**What is needed**: Please copy the data below exactly, from its first line through the line holding "import ezdxf", and skip the pictures.

**Task data**:
+ + +
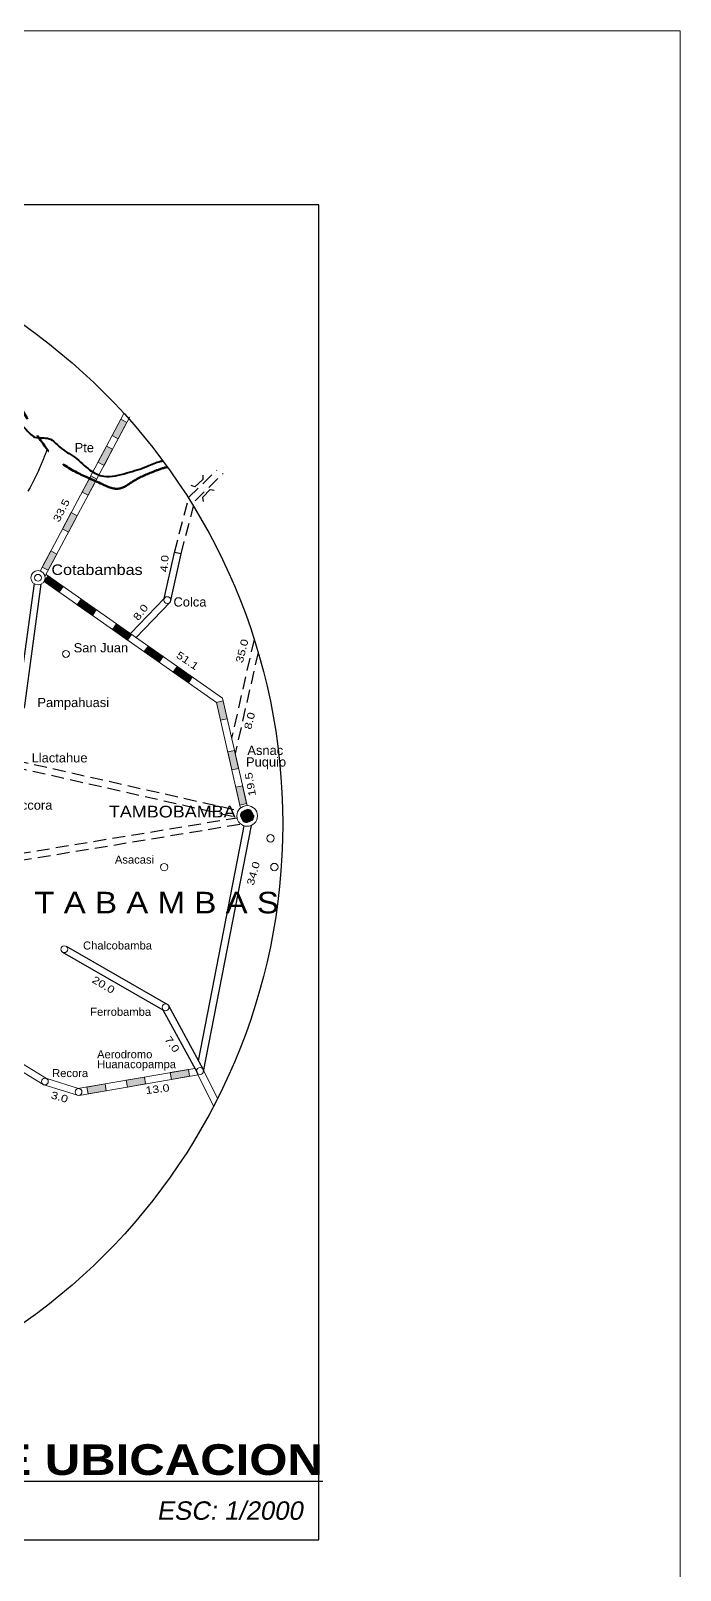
# Model space of a CAD drawing. Header units: metres. Extents: x 772934 to 773467, y 8442002 to 8442594.
# Drawn here: x 773351.39 to 773364.09, y 8442393.53 to 8442423.6 of the extents above; entities that cross this region are included whole.
import ezdxf

# ---------------------------------------------------------------- set-up
doc = ezdxf.new("R2010")
doc.units = ezdxf.units.M
for name, pattern in [('CENTER2', [1.125, 0.75, -0.125, 0.125, -0.125]), ('DASHED2', [0.375, 0.25, -0.125]), ('PHANTOM', [2.5, 1.25, -0.25, 0.25, -0.25, 0.25, -0.25])]:
    doc.linetypes.add(name, pattern=pattern)
doc.layers.add('C- Distrito', color=7, linetype='Continuous', lineweight=20, true_color=0xc7c700)
for name, color, linetype, lineweight in [('C-Afirmada', 1, 'Continuous', 20), ('C-Proyecto', 30, 'DASHED2', 25), ('ciudades', 1, 'Continuous', 20), ('kilometraje', 7, 'Continuous', 18), ('limite', 16, 'Continuous', 50), ('limite prov', 107, 'PHANTOM', 30), ('N-Ciudades', 10, 'Continuous', 18), ('PLUMA 01', 7, 'Continuous', 15), ('Red vías Vecinales', 106, 'Continuous', 40), ('RIOS', 160, 'Continuous', 40), ('ROTULO_YMT', 7, 'Continuous', 5), ('Texto vías Provinciales', 170, 'Continuous', 5), ('trocha', 5, 'Continuous', 25), ('txt-Capital', 150, 'Continuous', 18)]:
    doc.layers.add(name, color=color, linetype=linetype, lineweight=lineweight)
doc.styles.add('kilometros', font='arial.ttf', dxfattribs={"height": 1.5})
doc.styles.add('PROVINCIAS', font='GOTHIC.TTF', dxfattribs={"oblique": 10, "height": 0.14})
doc.styles.add('TURBO TEXTO', font='swisse.ttf')

# ---------------------------------------------------------------- blocks, each defined once
blk = doc.blocks.new('otras')
at = {"layer": 'ciudades', "linetype": 'Continuous', "ltscale": 0.3}
blk.add_circle((0, 0), 0.6, dxfattribs=at)
blk = doc.blocks.new('ciudad')
at = {"layer": 'ciudades', "ltscale": 0.3}
blk.add_circle((0, 0), 0.557, dxfattribs=at)
blk = doc.blocks.new('capital')
at = {"layer": 'C- Distrito', "linetype": 'CENTER2', "ltscale": 0.3}
blk.add_hatch(color=256, dxfattribs=at).paths.add_polyline_path([(-1.08, 0, 1), (1.08, 0, 1)])
at = {"layer": 'C- Distrito', "ltscale": 0.3}
blk.add_circle((0, 0), 1.68, dxfattribs=at)
at = {"layer": 'C- Distrito', "linetype": 'CENTER2', "ltscale": 0.3}
blk.add_circle((0, 0), 1.08, dxfattribs=at)
blk = doc.blocks.new('distrito')
at = {"layer": 'C- Distrito', "color": 91, "ltscale": 0.3}
for radius in [1.15, 0.549]:
    blk.add_circle((0, 0.01), radius, dxfattribs=at)
blk = doc.blocks.new('AFIRMADA')
at = {"layer": 'C-Afirmada'}
blk.add_hatch(color=256, dxfattribs=at).paths.add_polyline_path([(0, 1.11), (0, 0), (2.99, 0), (2.99, 1.11)])
blk.add_lwpolyline([(0, 1.11), (2.99, 1.11), (2.99, 0), (0, 0)], close=True, dxfattribs=at)
blk = doc.blocks.new('pte')
at = {"layer": 'trocha', "ltscale": 1.5}
blk.add_lwpolyline([(2.19, 0.54), (1.73, 0), (0, 0), (-0.32, 0.57)], dxfattribs=at)

msp = doc.modelspace()

# ---------------------------------------------------------------- linework, layer by layer
msp.add_circle((773344.403, 8442408.107), 11.915)
at = {"layer": 'C-Afirmada'}
for p, q in [((773353.213, 8442416.125), (773351.576, 8442413.049)), ((773353.331, 8442416.063), (773351.671, 8442412.943)), ((773355.021, 8442410.483), (773351.654, 8442412.846)), ((773355.14, 8442410.563), (773351.692, 8442412.983)), ((773355.493, 8442408.419), (773355.021, 8442410.483)), ((773355.62, 8442408.466), (773355.14, 8442410.563)), ((773348.977, 8442404.809), (773351.704, 8442403.132)), ((773348.907, 8442404.695), (773351.634, 8442403.018)), ((773352.315, 8442402.937), (773354.598, 8442403.331)), ((773352.338, 8442402.805), (773354.664, 8442403.207)), ((773354.966, 8442402.596), (773354.642, 8442403.252)), ((773355.042, 8442402.744), (773354.762, 8442403.311)), ((773351.649, 8442403.011), (773352.307, 8442402.807)), ((773351.689, 8442403.139), (773352.347, 8442402.935))]:
    msp.add_line(p, q, dxfattribs=at)
at = {"layer": 'C-Proyecto'}
for p, q in [((773354.486, 8442414.49), (773355.027, 8442415.02)), ((773354.606, 8442414.42), (773355.154, 8442414.956)), ((773354.201, 8442413.414), (773354.479, 8442414.465)), ((773354.331, 8442413.382), (773354.576, 8442414.309)), ((773355.758, 8442411.714), (773355.318, 8442409.785)), ((773355.837, 8442411.457), (773355.387, 8442409.484)), ((773351.067, 8442409.223), (773355.422, 8442408.24)), ((773351.096, 8442409.353), (773355.451, 8442408.371)), ((773350.402, 8442407.401), (773355.423, 8442408.229)), ((773350.424, 8442407.269), (773355.496, 8442408.106))]:
    msp.add_line(p, q, dxfattribs=at)
at = {"layer": 'limite', "linetype": 'CENTER2', "ltscale": 3}
msp.add_open_spline([(773354.064, 8442415.081), (773353.98, 8442415.066), (773353.739, 8442414.969), (773353.437, 8442414.852), (773353.108, 8442414.587), (773352.695, 8442414.799), (773352.245, 8442414.974), (773351.771, 8442415.306), (773351.458, 8442415.802), (773351.146, 8442416.306), (773350.936, 8442416.927), (773350.307, 8442417.19), (773349.701, 8442417.348), (773349.021, 8442417.396), (773348.479, 8442417.789), (773347.907, 8442417.875), (773347.48, 8442418.176), (773347.025, 8442418.076), (773346.605, 8442417.9), (773346.066, 8442417.949), (773345.914, 8442418.44), (773345.428, 8442418.54), (773345.051, 8442418.875), (773344.558, 8442418.99), (773344.06, 8442419.009), (773343.692, 8442419.318), (773343.243, 8442419.393), (773342.94, 8442419.641), (773342.769, 8442419.827), (773342.697, 8442419.899)], degree=3, knots=[560.412071, 560.412071, 560.412071, 560.412071, 562.551684, 566.340508, 568.956194, 572.063663, 576.620002, 581.519815, 585.996034, 591.096806, 596.510596, 601.338688, 607.061573, 612.401256, 617.902654, 623.180224, 626.609931, 630.262511, 633.932997, 638.483, 641.25078, 645.355073, 649.608827, 653.694868, 657.690427, 661.705801, 665.117811, 668.727642, 671.261932, 671.261932, 671.261932, 671.261932], dxfattribs=at)
at = {"layer": 'limite prov', "ltscale": 1.5}
msp.add_open_spline([(773351.041, 8442398.213), (773350.842, 8442398.388), (773350.477, 8442398.719), (773349.932, 8442399.338), (773349.222, 8442399.893), (773348.649, 8442400.518), (773348.065, 8442400.833), (773348.002, 8442401.229), (773347.743, 8442401.388), (773347.649, 8442401.879), (773347.782, 8442402.461), (773347.99, 8442403.209), (773348.33, 8442403.842), (773348.72, 8442404.444), (773349.111, 8442404.827), (773349.352, 8442405.39), (773348.959, 8442405.738), (773348.867, 8442406.423), (773348.843, 8442407.275), (773349.19, 8442408.236), (773349.525, 8442409.041), (773349.788, 8442409.731), (773350.078, 8442410.261), (773349.983, 8442410.977), (773350.338, 8442411.701), (773350.564, 8442412.661), (773350.896, 8442413.545), (773351.204, 8442414.375), (773351.538, 8442414.959), (773351.669, 8442415.3), (773351.716, 8442415.425)], degree=3, knots=[28.632831, 28.632831, 28.632831, 28.632831, 35.227872, 40.923444, 49.176637, 57.429829, 62.673881, 63.92666, 67.005583, 69.396777, 75.805656, 81.778366, 88.699108, 93.656151, 99.497791, 102.673779, 107.290538, 110.507599, 119.718175, 128.253304, 135.693643, 141.475308, 146.832964, 150.148605, 158.954192, 166.153184, 174.833786, 182.439999, 188.207164, 191.547127, 191.547127, 191.547127, 191.547127], dxfattribs=at)
at = {"layer": 'PLUMA 01'}
msp.add_lwpolyline([(773264.002, 8442364.204), (773364.087, 8442364.204), (773364.087, 8442423.604), (773264.002, 8442423.604)], close=True, dxfattribs=at)
at = {"layer": 'Red vías Vecinales', "color": 7, "lineweight": 30}
msp.add_lwpolyline([(773332.13, 8442394.122), (773357.025, 8442394.122), (773357.025, 8442420.206), (773332.13, 8442420.206), (773332.13, 8442394.122)], dxfattribs=at)
at = {"layer": 'RIOS'}
msp.add_open_spline([(773342.798, 8442419.914), (773342.833, 8442419.878), (773342.996, 8442419.71), (773343.278, 8442419.486), (773343.678, 8442419.416), (773344.038, 8442419.135), (773344.484, 8442419.11), (773344.931, 8442419.027), (773345.256, 8442418.738), (773345.652, 8442418.599), (773346.135, 8442418.385), (773346.09, 8442417.892), (773346.461, 8442417.801), (773346.7, 8442417.815), (773346.937, 8442417.88), (773347.147, 8442417.946), (773347.487, 8442418.039), (773347.893, 8442417.774), (773348.401, 8442417.679), (773348.796, 8442417.316), (773349.304, 8442417.22), (773349.73, 8442417.036), (773350.136, 8442416.946), (773350.506, 8442416.992), (773350.736, 8442416.77), (773350.887, 8442416.619), (773350.95, 8442416.435), (773351.075, 8442416.241), (773351.094, 8442415.985), (773351.304, 8442415.832), (773351.453, 8442415.609), (773351.769, 8442415.69), (773351.972, 8442415.426), (773352.28, 8442415.287), (773352.511, 8442415.02), (773352.869, 8442414.848), (773353.266, 8442414.966), (773353.631, 8442415.066), (773353.854, 8442415.181), (773353.961, 8442415.198), (773353.976, 8442415.2)], degree=3, knots=[76.700632, 76.700632, 76.700632, 76.700632, 77.948414, 82.524392, 85.359963, 87.851156, 93.593863, 96.095016, 99.004383, 104.058287, 106.843446, 111.148902, 113.048936, 115.382187, 117.230801, 119.103157, 120.932116, 125.752585, 130.14995, 133.705842, 138.640039, 142.723633, 145.249872, 149.042752, 151.213015, 152.86593, 154.349542, 155.952881, 158.617611, 160.138958, 162.298005, 164.644983, 166.815246, 169.849031, 173.028788, 175.477812, 179.282318, 182.770197, 185.068551, 185.444106, 185.444106, 185.444106, 185.444106], dxfattribs=at)
at = {"layer": 'trocha'}
for p, q in [((773353.999, 8442412.514), (773354.201, 8442413.414)), ((773354.122, 8442412.448), (773354.331, 8442413.382)), ((773354.331, 8442413.382), (773354.201, 8442413.414)), ((773351.457, 8442412.803), (773351.144, 8442410.478)), ((773351.591, 8442412.791), (773351.264, 8442410.37)), ((773353.347, 8442411.834), (773353.999, 8442412.514)), ((773353.444, 8442411.741), (773354.122, 8442412.448)), ((773354.672, 8442403.478), (773355.566, 8442408.069)), ((773354.767, 8442403.269), (773355.705, 8442408.079)), ((773352.016, 8442405.602), (773353.978, 8442404.477)), ((773352.083, 8442405.718), (773354.078, 8442404.575)), ((773353.978, 8442404.477), (773354.643, 8442403.249)), ((773354.078, 8442404.575), (773354.761, 8442403.313))]:
    msp.add_line(p, q, dxfattribs=at)

# ---------------------------------------------------------------- block references
at = {"layer": 'C- Distrito', "linetype": 'CENTER2', "ltscale": 0.3, "xscale": 0.120285, "yscale": 0.120285, "zscale": 0.120285}
for name, p in [('ciudad', (773352.081, 8442411.43)), ('capital', (773355.623, 8442408.264))]:
    msp.add_blockref(name, p, dxfattribs=at)
at = {"layer": 'C-Afirmada'}
for p, xscale, yscale, zscale, rotation in [((773353.103, 8442415.634), 0.120285, 0.120285, 0.120285, 61.9785777361686), ((773352.825, 8442415.111), 0.120285, 0.120285, 0.120285, 61.97857773616922), ((773352.515, 8442414.529), 0.120285, 0.120285, 0.120285, 61.9785777361685), ((773352.132, 8442413.81), 0.1202850000000001, 0.1202850000000001, 0.1202850000000001, 61.97857773616842), ((773351.735, 8442413.064), 0.1202849999999999, 0.1202849999999999, 0.1202849999999999, 61.97857773616791), ((773351.654, 8442412.846), 0.120285, 0.120285, 0.120285, 324.9403681834099), ((773352.303, 8442412.39), 0.120285, 0.120285, 0.120285, 324.9403681834092), ((773352.993, 8442411.906), 0.120285, 0.120285, 0.120285, 324.9403681834099), ((773353.609, 8442411.474), 0.1202850000000001, 0.1202850000000001, 0.1202850000000001, 324.9403681834103), ((773354.18, 8442411.073), 0.120285, 0.120285, 0.120285, 324.9403681834101), ((773355.021, 8442410.483), 0.120285, 0.120285, 0.120285, 282.8879402710451), ((773355.243, 8442409.514), 0.1202849999999999, 0.1202849999999999, 0.1202849999999999, 282.8879402710438), ((773355.401, 8442408.825), 0.1202850000000001, 0.1202850000000001, 0.1202850000000001, 282.8879402710436), ((773354.144, 8442403.117), 0.120285, 0.120285, 0.120285, 9.810831627688843), ((773352.513, 8442402.835), 0.120285, 0.120285, 0.120285, 9.810831627688893), ((773353.282, 8442402.968), 0.1202850000000001, 0.1202850000000001, 0.1202850000000001, 9.810831627688678)]:
    msp.add_blockref('AFIRMADA', p, dxfattribs=dict(at, xscale=xscale, yscale=yscale, zscale=zscale, rotation=rotation))
at = {"layer": 'ciudades', "linetype": 'CENTER2', "ltscale": 0.3, "xscale": 0.120285, "yscale": 0.120285, "zscale": 0.120285}
for name, p in [('otras', (773356.08, 8442407.827)), ('otras', (773354.001, 8442407.265)), ('otras', (773356.155, 8442407.266)), ('ciudad', (773352.049, 8442405.66)), ('ciudad', (773351.669, 8442403.075)), ('ciudad', (773352.327, 8442402.871))]:
    msp.add_blockref(name, p, dxfattribs=at)
at = {"layer": 'trocha', "ltscale": 1.5}
for p, xscale, yscale, zscale, rotation in [((773354.603, 8442414.696), 0.120285, 0.120285, 0.120285, 42.18071054788216), ((773354.901, 8442414.645), 0.1202850000000001, 0.1202850000000001, 0.1202850000000001, 227.0943938398551)]:
    msp.add_blockref('pte', p, dxfattribs=dict(at, xscale=xscale, yscale=yscale, zscale=zscale, rotation=rotation))
at = {"layer": 'trocha', "xscale": 0.120285, "yscale": 0.120285, "zscale": 0.120285}
for name, p in [('distrito', (773351.535, 8442412.917)), ('ciudad', (773354.061, 8442412.481)), ('ciudad', (773354.028, 8442404.526)), ('ciudad', (773354.702, 8442403.281))]:
    msp.add_blockref(name, p, dxfattribs=at)

# ---------------------------------------------------------------- texts
at = {"layer": 'kilometraje', "linetype": 'CENTER2', "ltscale": 0.3, "style": 'kilometros', "width": 1.2}
for s, rotation, p in [('33.5', 62.7656, (773351.948, 8442413.992)), ('4.0', 85.6299, (773354.065, 8442413.021)), ('8.0', 51.9234, (773353.494, 8442412.067)), ('35.0', 75.7485, (773355.535, 8442411.242)), ('51.1', 325.7908, (773354.221, 8442411.371)), ('8.0', 75.7485, (773355.699, 8442409.942)), ('19.5', 99.7455, (773355.797, 8442408.661)), ('34.0', 74.4277, (773355.749, 8442406.895)), ('20.0', 329.5706, (773352.575, 8442405.022)), ('7.0', 305.4958, (773354.001, 8442403.899)), ('13.0', 6.9502, (773353.645, 8442402.829)), ('3.0', 343.541, (773351.774, 8442402.751))]:
    msp.add_text(s, height=0.1443, rotation=rotation, dxfattribs=at).set_placement(p)
at = {"layer": 'N-Ciudades', "linetype": 'CENTER2', "ltscale": 0.3, "style": 'kilometros'}
for s, height, p in [('Pte', 0.1804, (773352.251, 8442415.37)), ('Colca', 0.1804, (773354.183, 8442412.355)), ('San Juan', 0.1804, (773352.232, 8442411.46)), ('Pampahuasi', 0.1804, (773351.524, 8442410.391)), ('Asnac', 0.1804, (773355.627, 8442409.456)), ('Llactahue', 0.1804, (773351.41, 8442409.31)), ('Puquio', 0.1804, (773355.6, 8442409.229)), ('Huaccora', 0.1804, (773350.738, 8442408.386)), ('Asacasi', 0.1564, (773353.038, 8442407.333)), ('Chalcobamba', 0.15637, (773352.415, 8442405.655)), ('Ferrobamba', 0.1564, (773352.555, 8442404.359)), ('Aerodromo', 0.1564, (773352.69, 8442403.529)), ('Recora', 0.1564, (773351.811, 8442403.162)), ('Huanacopampa', 0.15637, (773352.69, 8442403.336))]:
    msp.add_text(s, height=height, dxfattribs=at).set_placement(p)
at = {"layer": 'ROTULO_YMT', "color": 110, "lineweight": 30, "insert": (773346.444, 8442395.989), "char_height": 0.6, "attachment_point": 1, "style": 'TURBO TEXTO'}
msp.add_mtext('{\\fArial Black|b1|i0|c0|p34;\\L\\C7;PLANO DE UBICACION}', dxfattribs=at)
at = {"layer": 'Texto vías Provinciales', "color": 7, "insert": (773355.282, 8442394.69), "char_height": 0.36, "attachment_point": 5, "style": 'PROVINCIAS'}
msp.add_mtext('{\\fArial|b0|i0|c0|p34;ESC: 1/2000}', dxfattribs=at)
at = {"layer": 'txt-Capital', "linetype": 'CENTER2', "ltscale": 0.3, "style": 'kilometros', "width": 1.1}
for s, height, p in [('Cotabambas', 0.2045, (773351.798, 8442412.973)), ('TAMBOBAMBA', 0.2285, (773352.92, 8442408.235)), ('C O T A B A M B A S', 0.421, (773350.133, 8442406.361))]:
    msp.add_text(s, height=height, dxfattribs=at).set_placement(p)

doc.saveas('drawing.dxf')
+ + +
**Solution to this problem**:
# Model space of a CAD drawing. Header units: metres. Extents: x 772934 to 773467, y 8442002 to 8442594.
# Drawn here: x 773351.39 to 773364.09, y 8442393.53 to 8442423.6 of the extents above; entities that cross this region are included whole.
import ezdxf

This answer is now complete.